Expected Outcomes of Adding Owner

You can now see bfoo has been added as an owner to the fct_users_created dataset.

Remove Owners

mutation removeOwners {
    removeOwner(
      input: {
        ownerUrn: "urn:li:corpuser:jdoe",
        resourceUrn: "urn:li:dataset:(urn:li:dataPlatform:hdfs,SampleHdfsDataset,PROD)",
			}
    )
}

Note that you can also remove owners from multiple entities or subresource using batchRemoveOwners.

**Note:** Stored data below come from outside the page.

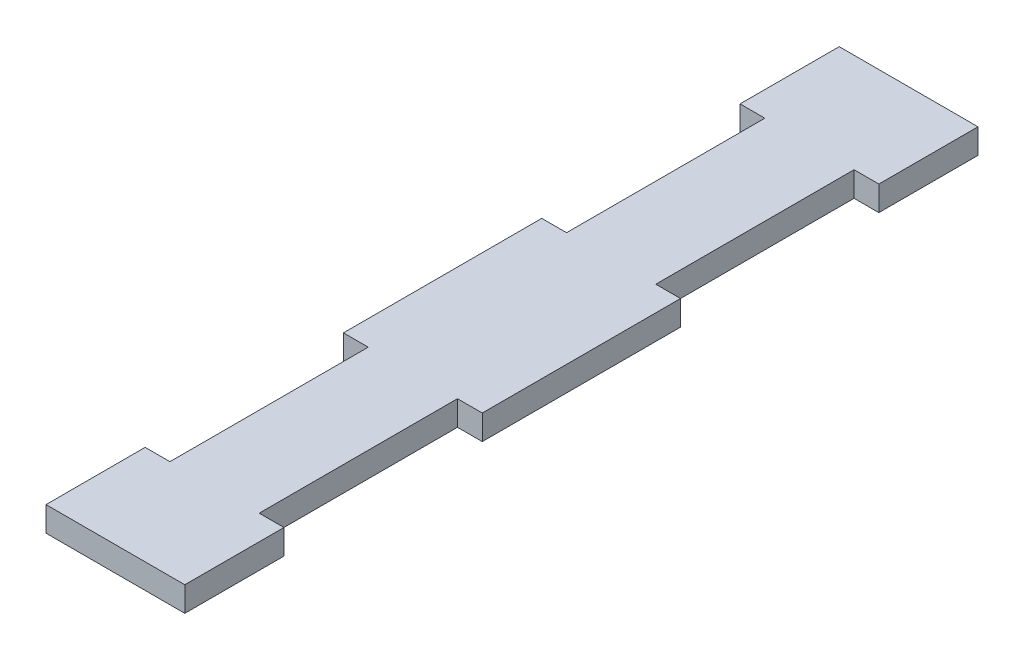
ISO-10303-21;
HEADER;
FILE_DESCRIPTION(('STEP AP214'),'2;1');
FILE_NAME('part.step','',(''),(''),'','','');
FILE_SCHEMA(('AUTOMOTIVE_DESIGN { 1 0 10303 214 1 1 1 1 }'));
ENDSEC;
DATA;
#1=APPLICATION_CONTEXT('core data for automotive mechanical design processes');
#2=APPLICATION_PROTOCOL_DEFINITION('international standard','automotive_design',2000,#1);
#3=PRODUCT_CONTEXT('',#1,'mechanical');
#4=PRODUCT('Part','Part','',(#3));
#5=PRODUCT_RELATED_PRODUCT_CATEGORY('part','',(#4));
#6=PRODUCT_DEFINITION_FORMATION('','',#4);
#7=PRODUCT_DEFINITION_CONTEXT('part definition',#1,'design');
#8=PRODUCT_DEFINITION('design','',#6,#7);
#9=PRODUCT_DEFINITION_SHAPE('','',#8);
#10=(LENGTH_UNIT() NAMED_UNIT(*) SI_UNIT(.MILLI.,.METRE.));
#11=(NAMED_UNIT(*) PLANE_ANGLE_UNIT() SI_UNIT($,.RADIAN.));
#12=(NAMED_UNIT(*) SI_UNIT($,.STERADIAN.) SOLID_ANGLE_UNIT());
#13=UNCERTAINTY_MEASURE_WITH_UNIT(LENGTH_MEASURE(1.E-05),#10,'distance_accuracy_value','');
#14=(GEOMETRIC_REPRESENTATION_CONTEXT(3) GLOBAL_UNCERTAINTY_ASSIGNED_CONTEXT((#13)) GLOBAL_UNIT_ASSIGNED_CONTEXT((#10,
#11,#12)) REPRESENTATION_CONTEXT('',''));
#15=CARTESIAN_POINT('',(0.,0.,0.));
#16=DIRECTION('',(0.,0.,1.));
#17=DIRECTION('',(1.,0.,0.));
#18=AXIS2_PLACEMENT_3D('',#15,#16,#17);
#19=CARTESIAN_POINT('',(0.,3.175,0.));
#20=DIRECTION('',(1.,0.,0.));
#21=DIRECTION('',(0.,0.,-1.));
#22=AXIS2_PLACEMENT_3D('',#19,#20,#21);
#23=PLANE('',#22);
#24=DIRECTION('',(0.,0.,1.));
#25=VECTOR('',#24,1.);
#26=CARTESIAN_POINT('',(0.,0.,0.));
#27=LINE('',#26,#25);
#28=CARTESIAN_POINT('',(0.,0.,-12.7));
#29=VERTEX_POINT('',#28);
#30=CARTESIAN_POINT('',(0.,0.,0.));
#31=VERTEX_POINT('',#30);
#32=EDGE_CURVE('E212',#29,#31,#27,.T.);
#33=ORIENTED_EDGE('',*,*,#32,.T.);
#34=DIRECTION('',(0.,-1.,0.));
#35=VECTOR('',#34,1.);
#36=CARTESIAN_POINT('',(0.,3.175,0.));
#37=LINE('',#36,#35);
#38=CARTESIAN_POINT('',(0.,3.175,0.));
#39=VERTEX_POINT('',#38);
#40=EDGE_CURVE('E11',#39,#31,#37,.T.);
#41=ORIENTED_EDGE('',*,*,#40,.F.);
#42=DIRECTION('',(0.,0.,1.));
#43=VECTOR('',#42,1.);
#44=CARTESIAN_POINT('',(0.,3.175,0.));
#45=LINE('',#44,#43);
#46=CARTESIAN_POINT('',(0.,3.175,-12.7));
#47=VERTEX_POINT('',#46);
#48=EDGE_CURVE('E270',#47,#39,#45,.T.);
#49=ORIENTED_EDGE('',*,*,#48,.F.);
#50=DIRECTION('',(0.,-1.,0.));
#51=VECTOR('',#50,1.);
#52=CARTESIAN_POINT('',(0.,3.175,-12.7));
#53=LINE('',#52,#51);
#54=EDGE_CURVE('E208',#47,#29,#53,.T.);
#55=ORIENTED_EDGE('',*,*,#54,.T.);
#56=EDGE_LOOP('',(#33,#41,#49,#55));
#57=FACE_BOUND('',#56,.T.);
#58=ADVANCED_FACE('F39',(#57),#23,.F.);
#59=CARTESIAN_POINT('',(0.,3.175,0.));
#60=DIRECTION('',(0.,0.,-1.));
#61=DIRECTION('',(-1.,0.,0.));
#62=AXIS2_PLACEMENT_3D('',#59,#60,#61);
#63=PLANE('',#62);
#64=DIRECTION('',(1.,0.,0.));
#65=VECTOR('',#64,1.);
#66=CARTESIAN_POINT('',(0.,0.,0.));
#67=LINE('',#66,#65);
#68=CARTESIAN_POINT('',(17.78,0.,0.));
#69=VERTEX_POINT('',#68);
#70=EDGE_CURVE('E216',#31,#69,#67,.T.);
#71=ORIENTED_EDGE('',*,*,#70,.T.);
#72=DIRECTION('',(0.,-1.,0.));
#73=VECTOR('',#72,1.);
#74=CARTESIAN_POINT('',(17.78,3.175,0.));
#75=LINE('',#74,#73);
#76=CARTESIAN_POINT('',(17.78,3.175,0.));
#77=VERTEX_POINT('',#76);
#78=EDGE_CURVE('E48',#77,#69,#75,.T.);
#79=ORIENTED_EDGE('',*,*,#78,.F.);
#80=DIRECTION('',(1.,0.,0.));
#81=VECTOR('',#80,1.);
#82=CARTESIAN_POINT('',(0.,3.175,0.));
#83=LINE('',#82,#81);
#84=EDGE_CURVE('E135',#39,#77,#83,.T.);
#85=ORIENTED_EDGE('',*,*,#84,.F.);
#86=ORIENTED_EDGE('',*,*,#40,.T.);
#87=EDGE_LOOP('',(#71,#79,#85,#86));
#88=FACE_BOUND('',#87,.T.);
#89=ADVANCED_FACE('F420',(#88),#63,.F.);
#90=CARTESIAN_POINT('',(17.78,3.175,0.));
#91=DIRECTION('',(-1.,0.,0.));
#92=DIRECTION('',(0.,0.,1.));
#93=AXIS2_PLACEMENT_3D('',#90,#91,#92);
#94=PLANE('',#93);
#95=DIRECTION('',(0.,0.,-1.));
#96=VECTOR('',#95,1.);
#97=CARTESIAN_POINT('',(17.78,0.,0.));
#98=LINE('',#97,#96);
#99=CARTESIAN_POINT('',(17.78,0.,-12.7));
#100=VERTEX_POINT('',#99);
#101=EDGE_CURVE('E219',#69,#100,#98,.T.);
#102=ORIENTED_EDGE('',*,*,#101,.T.);
#103=DIRECTION('',(0.,-1.,0.));
#104=VECTOR('',#103,1.);
#105=CARTESIAN_POINT('',(17.78,3.175,-12.7));
#106=LINE('',#105,#104);
#107=CARTESIAN_POINT('',(17.78,3.175,-12.7));
#108=VERTEX_POINT('',#107);
#109=EDGE_CURVE('E329',#108,#100,#106,.T.);
#110=ORIENTED_EDGE('',*,*,#109,.F.);
#111=DIRECTION('',(0.,0.,-1.));
#112=VECTOR('',#111,1.);
#113=CARTESIAN_POINT('',(17.78,3.175,0.));
#114=LINE('',#113,#112);
#115=EDGE_CURVE('E339',#77,#108,#114,.T.);
#116=ORIENTED_EDGE('',*,*,#115,.F.);
#117=ORIENTED_EDGE('',*,*,#78,.T.);
#118=EDGE_LOOP('',(#102,#110,#116,#117));
#119=FACE_BOUND('',#118,.T.);
#120=ADVANCED_FACE('F337',(#119),#94,.F.);
#121=CARTESIAN_POINT('',(17.78,3.175,-12.7));
#122=DIRECTION('',(0.,0.,1.));
#123=DIRECTION('',(1.,0.,0.));
#124=AXIS2_PLACEMENT_3D('',#121,#122,#123);
#125=PLANE('',#124);
#126=DIRECTION('',(-1.,0.,0.));
#127=VECTOR('',#126,1.);
#128=CARTESIAN_POINT('',(17.78,0.,-12.7));
#129=LINE('',#128,#127);
#130=CARTESIAN_POINT('',(14.605,0.,-12.7));
#131=VERTEX_POINT('',#130);
#132=EDGE_CURVE('E222',#100,#131,#129,.T.);
#133=ORIENTED_EDGE('',*,*,#132,.T.);
#134=DIRECTION('',(0.,-1.,0.));
#135=VECTOR('',#134,1.);
#136=CARTESIAN_POINT('',(14.605,3.175,-12.7));
#137=LINE('',#136,#135);
#138=CARTESIAN_POINT('',(14.605,3.175,-12.7));
#139=VERTEX_POINT('',#138);
#140=EDGE_CURVE('E325',#139,#131,#137,.T.);
#141=ORIENTED_EDGE('',*,*,#140,.F.);
#142=DIRECTION('',(-1.,0.,0.));
#143=VECTOR('',#142,1.);
#144=CARTESIAN_POINT('',(17.78,3.175,-12.7));
#145=LINE('',#144,#143);
#146=EDGE_CURVE('E358',#108,#139,#145,.T.);
#147=ORIENTED_EDGE('',*,*,#146,.F.);
#148=ORIENTED_EDGE('',*,*,#109,.T.);
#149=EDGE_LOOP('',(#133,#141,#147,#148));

mutation batchRemoveOwners {
    batchRemoveOwners(
      input: {
        ownerUrns: ["urn:li:corpuser:jdoe"],
        resources: [
          { resourceUrn:"urn:li:dataset:(urn:li:dataPlatform:hdfs,SampleHdfsDataset,PROD)"} ,
          { resourceUrn:"urn:li:dataset:(urn:li:dataPlatform:hive,fct_users_created,PROD)"} ,]
      }
    )
}

Expected Response:

{
  "data": {
    "removeOwner": true
  },
  "extensions": {}
}
curl --location --request POST 'http://localhost:8080/api/graphql' \
--header 'Authorization: Bearer <my-access-token>' \
--header 'Content-Type: application/json' \
--data-raw '{ "query": "mutation removeOwner { removeOwner(input: { ownerUrn: \"urn:li:corpuser:jdoe\", resourceUrn: \"urn:li:dataset:(urn:li:dataPlatform:hdfs,SampleHdfsDataset,PROD)\" }) }", "variables":{}}'
{{ inline /metadata-ingestion/examples/library/dataset_remove_owner_execute_graphql.py show_path_as_comment }}

Expected Outcomes of Removing Owners

You can now see John Doe has been removed as an owner from the fct_users_created dataset.